• [ASSIGNED TASK] The answer is an exact repetition of every entry, with all images left out.

• [DATA]
== == ==
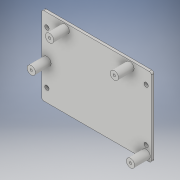
# Autodesk Inventor part: PCB_Case_Btm
Saved by Autodesk Inventor 2019.3 (Build 233278000, 278)
## iProperties
Created: 2020-10-08
Part Number: PCB_Case_Btm
Material: Generisch
Document SubType Name: Modeling
Designer: Nicolas Frick
Density: 1 g/cm^3
Appearance: Vorgabe
Author: Nicolas Frick
Autodesk Inventor part; units mm, degrees
ref_plane "YZ Plane" through (0, 0, 0) normal (1, 0, 0) x (0, 1, 0)
ref_plane "XZ Plane" through (0, 0, 0) normal (0, 1, 0) x (-1, 0, 0)
ref_plane "XY Plane" through (0, 0, 0) normal (0, 0, 1) x (1, 0, 0)
sketch "Skizze1" plane through (0, 0, 0) normal (0, 0, 1) x (1, 0, 0)
  line L0 (52.5, 37.5) -> (-52.5, 37.5)
  line L1 (-52.5, 37.5) -> (-52.5, -37.5)
  line L2 (-52.5, -37.5) -> (52.5, -37.5)
  line L3 (52.5, -37.5) -> (52.5, 37.5)
  line L4 (52.5, 37.5) -> (-52.5, -37.5) construction
  line L5 (-52.5, 37.5) -> (52.5, -37.5) construction
  point P0 (0, 0)
  dimension "d0" = 105
  dimension "d1" = 75
  constraints: 12 end point, 2 midpoint, 2 parallel, 1 horizontal, 1 perpendicular
  measures "d0" distance of L2.end L1.end
  measures "d1" distance of L1.end L0.end
extrude "Extrusion1" add sketch "Skizze1" along normal blind 2.5
fillet "Rundung1" radius 2 4 edges at (-52.5, 37.5, 1.25) (52.5, 37.5, 1.25) (52.5, -37.5, 1.25) (-52.5, -37.5, 1.25)
sketch "Skizze2" plane through (0, 0, 2.5) normal (0, 0, 1) x (1, 0, 0)
  arc A0 (-52.5, -35.5) -> (-50.5, -37.5) centre (-50.5, -35.5) ccw construction
  line L0 (-50.5, -37.5) -> (50.5, -37.5) construction
  arc A1 (50.5, -37.5) -> (52.5, -35.5) centre (50.5, -35.5) ccw construction
  line L1 (52.5, -35.5) -> (52.5, 35.5) construction
  arc A2 (52.5, 35.5) -> (50.5, 37.5) centre (50.5, 35.5) ccw construction
  line L2 (50.5, 37.5) -> (-50.5, 37.5) construction
  arc A3 (-50.5, 37.5) -> (-52.5, 35.5) centre (-50.5, 35.5) ccw construction
  line L3 (-52.5, 35.5) -> (-52.5, -35.5) construction
  line L4 (-50, 35) -> (50, 35) construction
  line L5 (50, 35) -> (50, -35) construction
  line L6 (50, -35) -> (-50, -35) construction
  line L7 (-50, -35) -> (-50, 35) construction
  line L8 (-50, 35) -> (50, -35) construction
  line L9 (50, 35) -> (-50, -35) construction
  line L10 (-50, 35) -> (-47.5, 35) construction
  line L11 (-50, 35) -> (-50, 32.5) construction
  line L12 (50, 35) -> (47.5, 35) construction
  line L13 (50, 35) -> (50, 32.5) construction
  line L14 (-50, -35) -> (-50, -32.5) construction
  line L15 (-47.5, 35) -> (-47.5, -3) construction
  line L16 (-50, 32.5) -> (-30, 32.5) construction
  line L17 (50, 32.5) -> (32, 32.5) construction
  line L18 (50, -35) -> (47.5, -35) construction
  line L19 (47.5, -35) -> (47.5, -32.5) construction
  circle A4 centre (-30, 32.5) radius 4
  circle A5 centre (32, 32.5) radius 4
  circle A6 centre (47.5, -32.5) radius 4
  circle A7 centre (-47.5, -3) radius 4
  circle A8 centre (-30, 32.5) radius 1.15
  circle A9 centre (32, 32.5) radius 1.15
  circle A10 centre (47.5, -32.5) radius 1.15
  circle A11 centre (-47.5, -3) radius 1.15
  point P0 (0, 0)
  dimension "d5" = 100
  dimension "d6" = 70
  dimension "d7" = 2.5
  dimension "d8" = 2.5
  dimension "d9" = 2.5
  dimension "d10" = 2.5
  dimension "d11" = 2.5
  dimension "d12" = 38
  dimension "d13" = 20
  dimension "d14" = 18
  dimension "d15" = 2.5
  dimension "d16" = 2.5
  dimension "d17" = 8
  dimension "d18" = 8
  dimension "d19" = 8
  dimension "d20" = 8
  dimension "d23" = 2.3
  dimension "d24" = 2.3
  dimension "d25" = 2.3
  dimension "d26" = 2.3
  constraints: 32 end point, 15 coincident, 8 centre point, 6 point on line, 3 perpendicular, 2 horizontal, 2 midpoint, 2 parallel, 1 vertical
  measures "d5" distance of L5.end L6.end
  measures "d6" distance of L4.end L5.end
  measures "d7" distance of L4.start L10.end
  measures "d8" distance of L4.start L11.end
  measures "d9" distance of L4.end L12.end
  measures "d10" distance of L4.end L13.end
  measures "d11" distance of L6.end L14.end
  measures "d12" distance of L10.end L15.end
  measures "d13" distance of L11.end L16.end
  measures "d14" distance of L13.end L17.end
  measures "d15" distance of L5.end L18.end
  measures "d16" distance of L18.end L19.end
  measures "d17" diameter of A4
  measures "d18" diameter of A5
  measures "d19" diameter of A6
  measures "d20" diameter of A7
  measures "d23" diameter of A8
  measures "d24" diameter of A9
  measures "d25" diameter of A10
  measures "d26" diameter of A11
extrude "Extrusion3" add sketch "Skizze2" along normal blind 15
sketch "Skizze3" plane through (0, 0, 2.5) normal (0, 0, 1) x (1, 0, 0)
  circle A0 centre (47.5, -32.5) radius 4 construction
  circle A1 centre (-30, 32.5) radius 4 construction
  circle A2 centre (32, 32.5) radius 4 construction
  circle A3 centre (-47.5, -3) radius 4 construction
  arc A4 (-52.5, -35.5) -> (-50.5, -37.5) centre (-50.5, -35.5) ccw construction
  line L0 (-50.5, -37.5) -> (50.5, -37.5) construction
  arc A5 (50.5, -37.5) -> (52.5, -35.5) centre (50.5, -35.5) ccw construction
  line L1 (52.5, -35.5) -> (52.5, 35.5) construction
  arc A6 (52.5, 35.5) -> (50.5, 37.5) centre (50.5, 35.5) ccw construction
  line L2 (50.5, 37.5) -> (-50.5, 37.5) construction
  arc A7 (-50.5, 37.5) -> (-52.5, 35.5) centre (-50.5, 35.5) ccw construction
  line L3 (-52.5, 35.5) -> (-52.5, -35.5) construction
  line L4 (-47.5, 25) -> (47.5, 25) construction
  line L5 (47.5, 25) -> (47.5, -25) construction
  line L6 (47.5, -25) -> (-47.5, -25) construction
  line L7 (-47.5, -25) -> (-47.5, 25) construction
  line L8 (-47.5, 25) -> (47.5, -25) construction
  line L9 (47.5, 25) -> (-47.5, -25) construction
  point P0 (0, 0)
  dimension "d29" = 50
  constraints: 12 end point, 4 coincident, 2 midpoint, 2 parallel, 1 horizontal, 1 perpendicular
  measures "d29" distance of L4.end L5.end
hole "Bohrung1" at (-47.5, 25, 2.5) at (47.5, 25, 2.5) at (47.5, -25, 2.5) at (-47.5, -25, 2.5) direction (0, 0, -1) diameter 4.2 end through all
== == ==
• [SOLUTION BELOW]
# Autodesk Inventor part: PCB_Case_Btm
Saved by Autodesk Inventor 2019.3 (Build 233278000, 278)
## iProperties
Created: 2020-10-08
Part Number: PCB_Case_Btm
Material: Generisch
Document SubType Name: Modeling
Designer: Nicolas Frick
Density: 1 g/cm^3
Appearance: Vorgabe
Author: Nicolas Frick
Autodesk Inventor part; units mm, degrees
ref_plane "YZ Plane" through (0, 0, 0) normal (1, 0, 0) x (0, 1, 0)
ref_plane "XZ Plane" through (0, 0, 0) normal (0, 1, 0) x (-1, 0, 0)
ref_plane "XY Plane" through (0, 0, 0) normal (0, 0, 1) x (1, 0, 0)
sketch "Skizze1" plane through (0, 0, 0) normal (0, 0, 1) x (1, 0, 0)
  line L0 (52.5, 37.5) -> (-52.5, 37.5)
  line L1 (-52.5, 37.5) -> (-52.5, -37.5)
  line L2 (-52.5, -37.5) -> (52.5, -37.5)
  line L3 (52.5, -37.5) -> (52.5, 37.5)
  line L4 (52.5, 37.5) -> (-52.5, -37.5) construction
  line L5 (-52.5, 37.5) -> (52.5, -37.5) construction
  point P0 (0, 0)
  dimension "d0" = 105
  dimension "d1" = 75
  constraints: 12 end point, 2 midpoint, 2 parallel, 1 horizontal, 1 perpendicular
  measures "d0" distance of L2.end L1.end
  measures "d1" distance of L1.end L0.end
extrude "Extrusion1" add sketch "Skizze1" along normal blind 2.5
fillet "Rundung1" radius 2 4 edges at (-52.5, 37.5, 1.25) (52.5, 37.5, 1.25) (52.5, -37.5, 1.25) (-52.5, -37.5, 1.25)
sketch "Skizze2" plane through (0, 0, 2.5) normal (0, 0, 1) x (1, 0, 0)
  arc A0 (-52.5, -35.5) -> (-50.5, -37.5) centre (-50.5, -35.5) ccw construction
  line L0 (-50.5, -37.5) -> (50.5, -37.5) construction
  arc A1 (50.5, -37.5) -> (52.5, -35.5) centre (50.5, -35.5) ccw construction
  line L1 (52.5, -35.5) -> (52.5, 35.5) construction
  arc A2 (52.5, 35.5) -> (50.5, 37.5) centre (50.5, 35.5) ccw construction
  line L2 (50.5, 37.5) -> (-50.5, 37.5) construction
  arc A3 (-50.5, 37.5) -> (-52.5, 35.5) centre (-50.5, 35.5) ccw construction
  line L3 (-52.5, 35.5) -> (-52.5, -35.5) construction
  line L4 (-50, 35) -> (50, 35) construction
  line L5 (50, 35) -> (50, -35) construction
  line L6 (50, -35) -> (-50, -35) construction
  line L7 (-50, -35) -> (-50, 35) construction
  line L8 (-50, 35) -> (50, -35) construction
  line L9 (50, 35) -> (-50, -35) construction
  line L10 (-50, 35) -> (-47.5, 35) construction
  line L11 (-50, 35) -> (-50, 32.5) construction
  line L12 (50, 35) -> (47.5, 35) construction
  line L13 (50, 35) -> (50, 32.5) construction
  line L14 (-50, -35) -> (-50, -32.5) construction
  line L15 (-47.5, 35) -> (-47.5, -3) construction
  line L16 (-50, 32.5) -> (-30, 32.5) construction
  line L17 (50, 32.5) -> (32, 32.5) construction
  line L18 (50, -35) -> (47.5, -35) construction
  line L19 (47.5, -35) -> (47.5, -32.5) construction
  circle A4 centre (-30, 32.5) radius 4
  circle A5 centre (32, 32.5) radius 4
  circle A6 centre (47.5, -32.5) radius 4
  circle A7 centre (-47.5, -3) radius 4
  circle A8 centre (-30, 32.5) radius 1.15
  circle A9 centre (32, 32.5) radius 1.15
  circle A10 centre (47.5, -32.5) radius 1.15
  circle A11 centre (-47.5, -3) radius 1.15
  point P0 (0, 0)
  dimension "d5" = 100
  dimension "d6" = 70
  dimension "d7" = 2.5
  dimension "d8" = 2.5
  dimension "d9" = 2.5
  dimension "d10" = 2.5
  dimension "d11" = 2.5
  dimension "d12" = 38
  dimension "d13" = 20
  dimension "d14" = 18
  dimension "d15" = 2.5
  dimension "d16" = 2.5
  dimension "d17" = 8
  dimension "d18" = 8
  dimension "d19" = 8
  dimension "d20" = 8
  dimension "d23" = 2.3
  dimension "d24" = 2.3
  dimension "d25" = 2.3
  dimension "d26" = 2.3
  constraints: 32 end point, 15 coincident, 8 centre point, 6 point on line, 3 perpendicular, 2 horizontal, 2 midpoint, 2 parallel, 1 vertical
  measures "d5" distance of L5.end L6.end
  measures "d6" distance of L4.end L5.end
  measures "d7" distance of L4.start L10.end
  measures "d8" distance of L4.start L11.end
  measures "d9" distance of L4.end L12.end
  measures "d10" distance of L4.end L13.end
  measures "d11" distance of L6.end L14.end
  measures "d12" distance of L10.end L15.end
  measures "d13" distance of L11.end L16.end
  measures "d14" distance of L13.end L17.end
  measures "d15" distance of L5.end L18.end
  measures "d16" distance of L18.end L19.end
  measures "d17" diameter of A4
  measures "d18" diameter of A5
  measures "d19" diameter of A6
  measures "d20" diameter of A7
  measures "d23" diameter of A8
  measures "d24" diameter of A9
  measures "d25" diameter of A10
  measures "d26" diameter of A11
extrude "Extrusion3" add sketch "Skizze2" along normal blind 15
sketch "Skizze3" plane through (0, 0, 2.5) normal (0, 0, 1) x (1, 0, 0)
  circle A0 centre (47.5, -32.5) radius 4 construction
  circle A1 centre (-30, 32.5) radius 4 construction
  circle A2 centre (32, 32.5) radius 4 construction
  circle A3 centre (-47.5, -3) radius 4 construction
  arc A4 (-52.5, -35.5) -> (-50.5, -37.5) centre (-50.5, -35.5) ccw construction
  line L0 (-50.5, -37.5) -> (50.5, -37.5) construction
  arc A5 (50.5, -37.5) -> (52.5, -35.5) centre (50.5, -35.5) ccw construction
  line L1 (52.5, -35.5) -> (52.5, 35.5) construction
  arc A6 (52.5, 35.5) -> (50.5, 37.5) centre (50.5, 35.5) ccw construction
  line L2 (50.5, 37.5) -> (-50.5, 37.5) construction
  arc A7 (-50.5, 37.5) -> (-52.5, 35.5) centre (-50.5, 35.5) ccw construction
  line L3 (-52.5, 35.5) -> (-52.5, -35.5) construction
  line L4 (-47.5, 25) -> (47.5, 25) construction
  line L5 (47.5, 25) -> (47.5, -25) construction
  line L6 (47.5, -25) -> (-47.5, -25) construction
  line L7 (-47.5, -25) -> (-47.5, 25) construction
  line L8 (-47.5, 25) -> (47.5, -25) construction
  line L9 (47.5, 25) -> (-47.5, -25) construction
  point P0 (0, 0)
  dimension "d29" = 50
  constraints: 12 end point, 4 coincident, 2 midpoint, 2 parallel, 1 horizontal, 1 perpendicular
  measures "d29" distance of L4.end L5.end
hole "Bohrung1" at (-47.5, 25, 2.5) at (47.5, 25, 2.5) at (47.5, -25, 2.5) at (-47.5, -25, 2.5) direction (0, 0, -1) diameter 4.2 end through all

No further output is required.